Since writing last week, more and more details pour forth of Tory plans not only to ram through a disastrous no-deal Brexit but also for a “people versus parliament” snap general election in the autumn.

The working assumption of the Westminster bubble is that there will certainly be an election either just before or after 31 October, the scheduled date of our departure from the European Union. This is for the simple reason that, whatever happens, it is impossible to see how Boris Johnson’s administration can govern effectively with a majority of one once parliament returns from 2 September.

That election won’t so much be “people versus parliament” as “reckless gamblers versus everyone else.”

On any measure, Boris Johnson cannot claim to speak for the “people” – it will no doubt be another lie he plasters across a campaign battle bus. Yet he became prime minister having been selected by Conservative Party members who make up less than 0.5 per cent of the electorate.

In the English local elections in May his party got 28 per cent of the vote. Shortly after, in the European elections – likely to be the last national election held in the UK before the snap election – his party did even worse, coming fifth with 8.84 per cent of the vote.

He has now been prime minister for over a fortnight and his party has been polling at between 25-34 per cent since he entered No 10. There is no doubt he is seeking to plunder support from the Brexit Party and turn his party into the Brexit Party 2.0.

Even if you add the Brexit Party’s support – which varies from 9-17 per cent – with that of the Tories, their combined support has always come in at no more than around 45 per cent since Johnson took office. So, the government doesn’t even speak for half the people, never mind all the people

Ploughing headlong into a no-deal Brexit will be a huge, reckless gamble with people’s jobs and livelihoods.
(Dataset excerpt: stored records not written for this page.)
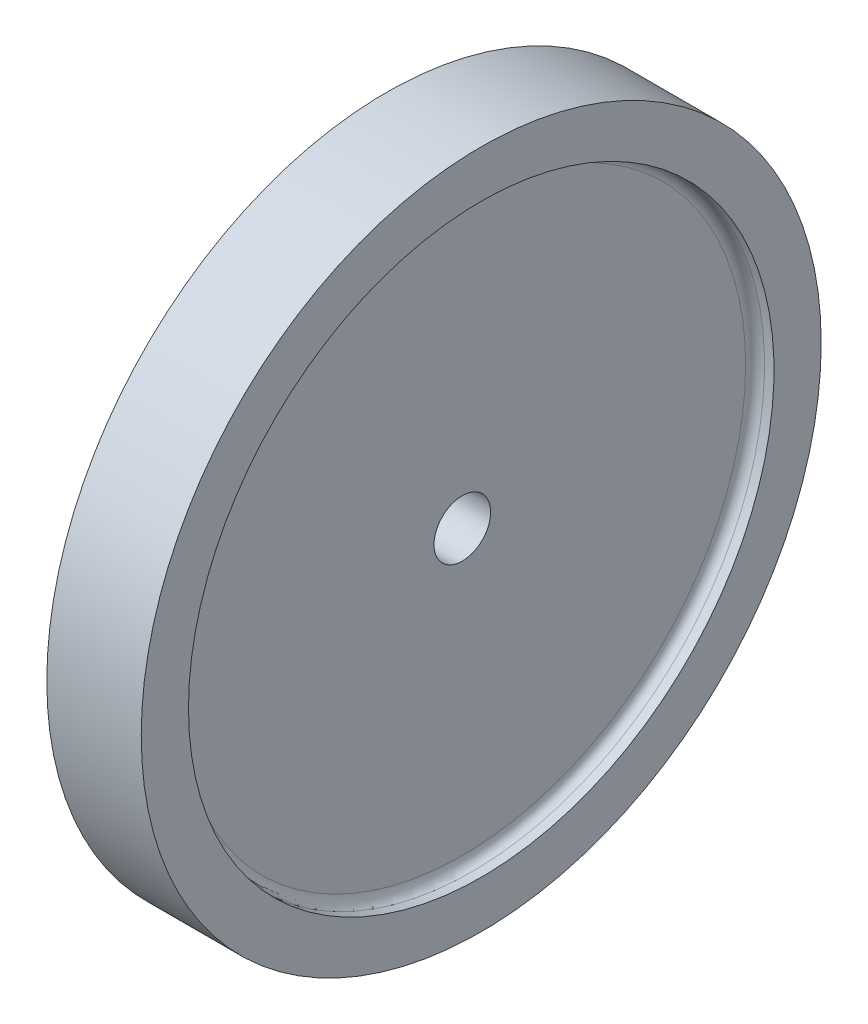
ISO-10303-21;
HEADER;
FILE_DESCRIPTION(('STEP AP214'),'2;1');
FILE_NAME('part.step','',(''),(''),'','','');
FILE_SCHEMA(('AUTOMOTIVE_DESIGN { 1 0 10303 214 1 1 1 1 }'));
ENDSEC;
DATA;
#1=APPLICATION_CONTEXT('core data for automotive mechanical design processes');
#2=APPLICATION_PROTOCOL_DEFINITION('international standard','automotive_design',2000,#1);
#3=PRODUCT_CONTEXT('',#1,'mechanical');
#4=PRODUCT('Part','Part','',(#3));
#5=PRODUCT_RELATED_PRODUCT_CATEGORY('part','',(#4));
#6=PRODUCT_DEFINITION_FORMATION('','',#4);
#7=PRODUCT_DEFINITION_CONTEXT('part definition',#1,'design');
#8=PRODUCT_DEFINITION('design','',#6,#7);
#9=PRODUCT_DEFINITION_SHAPE('','',#8);
#10=(LENGTH_UNIT() NAMED_UNIT(*) SI_UNIT(.MILLI.,.METRE.));
#11=(NAMED_UNIT(*) PLANE_ANGLE_UNIT() SI_UNIT($,.RADIAN.));
#12=(NAMED_UNIT(*) SI_UNIT($,.STERADIAN.) SOLID_ANGLE_UNIT());
#13=UNCERTAINTY_MEASURE_WITH_UNIT(LENGTH_MEASURE(1.E-05),#10,'distance_accuracy_value','');
#14=(GEOMETRIC_REPRESENTATION_CONTEXT(3) GLOBAL_UNCERTAINTY_ASSIGNED_CONTEXT((#13)) GLOBAL_UNIT_ASSIGNED_CONTEXT((#10,
#11,#12)) REPRESENTATION_CONTEXT('',''));
#15=CARTESIAN_POINT('',(0.,0.,0.));
#16=DIRECTION('',(0.,0.,1.));
#17=DIRECTION('',(1.,0.,0.));
#18=AXIS2_PLACEMENT_3D('',#15,#16,#17);
#19=CARTESIAN_POINT('',(-3.,0.,0.));
#20=DIRECTION('',(1.,0.,0.));
#21=DIRECTION('',(0.,0.,-1.));
#22=AXIS2_PLACEMENT_3D('',#19,#20,#21);
#23=PLANE('',#22);
#24=CARTESIAN_POINT('',(-3.,0.,0.));
#25=DIRECTION('',(1.,0.,0.));
#26=DIRECTION('',(0.,0.,-1.));
#27=AXIS2_PLACEMENT_3D('',#24,#25,#26);
#28=CIRCLE('',#27,30.);
#29=CARTESIAN_POINT('',(-3.,0.,-30.));
#30=VERTEX_POINT('',#29);
#31=EDGE_CURVE('E48',#30,#30,#28,.F.);
#32=ORIENTED_EDGE('',*,*,#31,.T.);
#33=EDGE_LOOP('',(#32));
#34=FACE_BOUND('',#33,.T.);
#35=CARTESIAN_POINT('',(-3.,0.,0.));
#36=DIRECTION('',(1.,0.,0.));
#37=DIRECTION('',(0.,0.,-1.));
#38=AXIS2_PLACEMENT_3D('',#35,#36,#37);
#39=CIRCLE('',#38,3.);
#40=CARTESIAN_POINT('',(-3.,0.,-3.));
#41=VERTEX_POINT('',#40);
#42=EDGE_CURVE('E65',#41,#41,#39,.T.);
#43=ORIENTED_EDGE('',*,*,#42,.T.);
#44=EDGE_LOOP('',(#43));
#45=FACE_BOUND('',#44,.T.);
#46=ADVANCED_FACE('F33',(#34,#45),#23,.F.);
#47=CARTESIAN_POINT('',(3.,0.,0.));
#48=DIRECTION('',(-1.,0.,0.));
#49=DIRECTION('',(0.,0.,1.));
#50=AXIS2_PLACEMENT_3D('',#47,#48,#49);
#51=PLANE('',#50);
#52=CARTESIAN_POINT('',(3.,0.,0.));
#53=DIRECTION('',(-1.,0.,0.));
#54=DIRECTION('',(0.,0.,1.));
#55=AXIS2_PLACEMENT_3D('',#52,#53,#54);
#56=CIRCLE('',#55,30.);
#57=CARTESIAN_POINT('',(3.,0.,30.));
#58=VERTEX_POINT('',#57);
#59=EDGE_CURVE('E10',#58,#58,#56,.F.);
#60=ORIENTED_EDGE('',*,*,#59,.T.);
#61=EDGE_LOOP('',(#60));
#62=FACE_BOUND('',#61,.T.);
#63=CARTESIAN_POINT('',(3.,0.,0.));
#64=DIRECTION('',(1.,0.,0.));
#65=DIRECTION('',(0.,0.,-1.));
#66=AXIS2_PLACEMENT_3D('',#63,#64,#65);
#67=CIRCLE('',#66,3.);
#68=CARTESIAN_POINT('',(3.,0.,-3.));
#69=VERTEX_POINT('',#68);
#70=EDGE_CURVE('E68',#69,#69,#67,.T.);
#71=ORIENTED_EDGE('',*,*,#70,.F.);
#72=EDGE_LOOP('',(#71));
#73=FACE_BOUND('',#72,.T.);
#74=ADVANCED_FACE('F75',(#62,#73),#51,.F.);
#75=CARTESIAN_POINT('',(-3.,0.,0.));
#76=DIRECTION('',(-1.,0.,0.));
#77=DIRECTION('',(0.,0.,1.));
#78=AXIS2_PLACEMENT_3D('',#75,#76,#77);
#79=CYLINDRICAL_SURFACE('',#78,31.);
#80=CARTESIAN_POINT('',(4.,0.,0.));
#81=DIRECTION('',(-1.,0.,0.));
#82=DIRECTION('',(0.,0.,1.));
#83=AXIS2_PLACEMENT_3D('',#80,#81,#82);
#84=CIRCLE('',#83,31.);
#85=CARTESIAN_POINT('',(4.,0.,31.));
#86=VERTEX_POINT('',#85);
#87=EDGE_CURVE('E40',#86,#86,#84,.T.);
#88=ORIENTED_EDGE('',*,*,#87,.T.);
#89=EDGE_LOOP('',(#88));
#90=FACE_BOUND('',#89,.T.);
#91=CARTESIAN_POINT('',(5.,0.,0.));
#92=DIRECTION('',(-1.,0.,0.));
#93=DIRECTION('',(0.,0.,1.));
#94=AXIS2_PLACEMENT_3D('',#91,#92,#93);
#95=CIRCLE('',#94,31.);
#96=CARTESIAN_POINT('',(5.,0.,31.));
#97=VERTEX_POINT('',#96);
#98=EDGE_CURVE('E53',#97,#97,#95,.T.);
#99=ORIENTED_EDGE('',*,*,#98,.F.);
#100=EDGE_LOOP('',(#99));
#101=FACE_BOUND('',#100,.T.);
#102=ADVANCED_FACE('F77',(#90,#101),#79,.F.);
#103=CARTESIAN_POINT('',(5.,36.,0.));
#104=DIRECTION('',(-1.,0.,0.));
#105=DIRECTION('',(0.,0.,1.));
#106=AXIS2_PLACEMENT_3D('',#103,#104,#105);
#107=PLANE('',#106);
#108=CARTESIAN_POINT('',(5.,0.,0.));
#109=DIRECTION('',(-1.,0.,0.));
#110=DIRECTION('',(0.,0.,1.));
#111=AXIS2_PLACEMENT_3D('',#108,#109,#110);
#112=CIRCLE('',#111,36.);
#113=CARTESIAN_POINT('',(5.,0.,36.));
#114=VERTEX_POINT('',#113);
#115=EDGE_CURVE('E56',#114,#114,#112,.T.);
#116=ORIENTED_EDGE('',*,*,#115,.F.);
#117=EDGE_LOOP('',(#116));
#118=FACE_BOUND('',#117,.T.);
#119=ORIENTED_EDGE('',*,*,#98,.T.);
#120=EDGE_LOOP('',(#119));
#121=FACE_BOUND('',#120,.T.);
#122=ADVANCED_FACE('F83',(#118,#121),#107,.F.);
#123=CARTESIAN_POINT('',(-3.,0.,0.));
#124=DIRECTION('',(-1.,0.,0.));
#125=DIRECTION('',(0.,0.,1.));
#126=AXIS2_PLACEMENT_3D('',#123,#124,#125);
#127=CYLINDRICAL_SURFACE('',#126,36.);
#128=CARTESIAN_POINT('',(-5.,0.,0.));
#129=DIRECTION('',(-1.,0.,0.));
#130=DIRECTION('',(0.,0.,1.));
#131=AXIS2_PLACEMENT_3D('',#128,#129,#130);
#132=CIRCLE('',#131,36.);
#133=CARTESIAN_POINT('',(-5.,0.,36.));
#134=VERTEX_POINT('',#133);
#135=EDGE_CURVE('E59',#134,#134,#132,.T.);
#136=ORIENTED_EDGE('',*,*,#135,.F.);
#137=EDGE_LOOP('',(#136));
#138=FACE_BOUND('',#137,.T.);
#139=ORIENTED_EDGE('',*,*,#115,.T.);
#140=EDGE_LOOP('',(#139));
#141=FACE_BOUND('',#140,.T.);
#142=ADVANCED_FACE('F112',(#138,#141),#127,.T.);
#143=CARTESIAN_POINT('',(-5.,31.,0.));
#144=DIRECTION('',(1.,0.,0.));
#145=DIRECTION('',(0.,0.,-1.));
#146=AXIS2_PLACEMENT_3D('',#143,#144,#145);
#147=PLANE('',#146);
#148=CARTESIAN_POINT('',(-5.,0.,0.));
#149=DIRECTION('',(-1.,0.,0.));
#150=DIRECTION('',(0.,0.,1.));
#151=AXIS2_PLACEMENT_3D('',#148,#149,#150);
#152=CIRCLE('',#151,31.);
#153=CARTESIAN_POINT('',(-5.,0.,31.));
#154=VERTEX_POINT('',#153);
#155=EDGE_CURVE('E62',#154,#154,#152,.T.);
#156=ORIENTED_EDGE('',*,*,#155,.F.);
#157=EDGE_LOOP('',(#156));
#158=FACE_BOUND('',#157,.T.);
#159=ORIENTED_EDGE('',*,*,#135,.T.);
#160=EDGE_LOOP('',(#159));
#161=FACE_BOUND('',#160,.T.);
#162=ADVANCED_FACE('F106',(#158,#161),#147,.F.);
#163=CARTESIAN_POINT('',(-3.,0.,0.));
#164=DIRECTION('',(-1.,0.,0.));
#165=DIRECTION('',(0.,0.,1.));
#166=AXIS2_PLACEMENT_3D('',#163,#164,#165);
#167=CYLINDRICAL_SURFACE('',#166,31.);
#168=CARTESIAN_POINT('',(-4.,0.,0.));
#169=DIRECTION('',(1.,0.,0.));
#170=DIRECTION('',(0.,0.,-1.));
#171=AXIS2_PLACEMENT_3D('',#168,#169,#170);
#172=CIRCLE('',#171,31.);
#173=CARTESIAN_POINT('',(-4.,0.,-31.));
#174=VERTEX_POINT('',#173);
#175=EDGE_CURVE('E44',#174,#174,#172,.T.);
#176=ORIENTED_EDGE('',*,*,#175,.T.);
#177=EDGE_LOOP('',(#176));
#178=FACE_BOUND('',#177,.T.);
#179=ORIENTED_EDGE('',*,*,#155,.T.);
#180=EDGE_LOOP('',(#179));
#181=FACE_BOUND('',#180,.T.);
#182=ADVANCED_FACE('F96',(#178,#181),#167,.F.);
#183=CARTESIAN_POINT('',(-5.,0.,0.));
#184=DIRECTION('',(1.,0.,0.));
#185=DIRECTION('',(0.,0.,-1.));
#186=AXIS2_PLACEMENT_3D('',#183,#184,#185);
#187=CYLINDRICAL_SURFACE('',#186,3.);
#188=ORIENTED_EDGE('',*,*,#70,.T.);
#189=EDGE_LOOP('',(#188));
#190=FACE_BOUND('',#189,.T.);
#191=ORIENTED_EDGE('',*,*,#42,.F.);
#192=EDGE_LOOP('',(#191));
#193=FACE_BOUND('',#192,.T.);
#194=ADVANCED_FACE('F72',(#190,#193),#187,.F.);
#195=CARTESIAN_POINT('',(-4.,0.,0.));
#196=DIRECTION('',(1.,0.,0.));
#197=DIRECTION('',(0.,0.,-1.));
#198=AXIS2_PLACEMENT_3D('',#195,#196,#197);
#199=TOROIDAL_SURFACE('',#198,30.,1.);
#200=ORIENTED_EDGE('',*,*,#175,.F.);
#201=EDGE_LOOP('',(#200));
#202=FACE_BOUND('',#201,.T.);
#203=ORIENTED_EDGE('',*,*,#31,.F.);
#204=EDGE_LOOP('',(#203));
#205=FACE_BOUND('',#204,.T.);
#206=ADVANCED_FACE('F88',(#202,#205),#199,.F.);
#207=CARTESIAN_POINT('',(4.,0.,0.));
#208=DIRECTION('',(-1.,0.,0.));
#209=DIRECTION('',(0.,0.,1.));
#210=AXIS2_PLACEMENT_3D('',#207,#208,#209);
#211=TOROIDAL_SURFACE('',#210,30.,1.);
#212=ORIENTED_EDGE('',*,*,#59,.F.);
#213=EDGE_LOOP('',(#212));
#214=FACE_BOUND('',#213,.T.);
#215=ORIENTED_EDGE('',*,*,#87,.F.);
#216=EDGE_LOOP('',(#215));
#217=FACE_BOUND('',#216,.T.);
#218=ADVANCED_FACE('F35',(#214,#217),#211,.F.);
#219=CLOSED_SHELL('',(#46,#74,#102,#122,#142,#162,#182,#194,#206,#218));
#220=MANIFOLD_SOLID_BREP('B2',#219);
#221=ADVANCED_BREP_SHAPE_REPRESENTATION('',(#18,#220),#14);
#222=SHAPE_DEFINITION_REPRESENTATION(#9,#221);
ENDSEC;
END-ISO-10303-21;

This is vividly illustrated by the first estimate of growth for the second quarter of this year published by the Office for National Statistics last week.

It showed the economy contracted by 0.2 per cent. Manufacturing saw its largest quarterly drop in 10 years, production had its biggest decline in seven years and services (which makes up most of the economy) had its weakest quarterly performance in three years. Brexit was THE overwhelming factor and we have not even left the EU yet.

Ministers know that a no-deal Brexit will involve an immediate shock to the economy which is one reason why they will seek to hold an election almost immediately after exit day – if it hasn’t happened beforehand – so it takes place before the pain is really felt.

Michael Gove even floated the idea of announcing a bank holiday on 1 November in an attempt to delay the inevitable chaos until after people have been to the ballot box. There is a description for this type of behaviour – vote rigging.

Above all, a no-deal Brexit would be profoundly undemocratic, which is why it is vital we do all we can to stop it. Cross party discussions have been ongoing all summer on that front.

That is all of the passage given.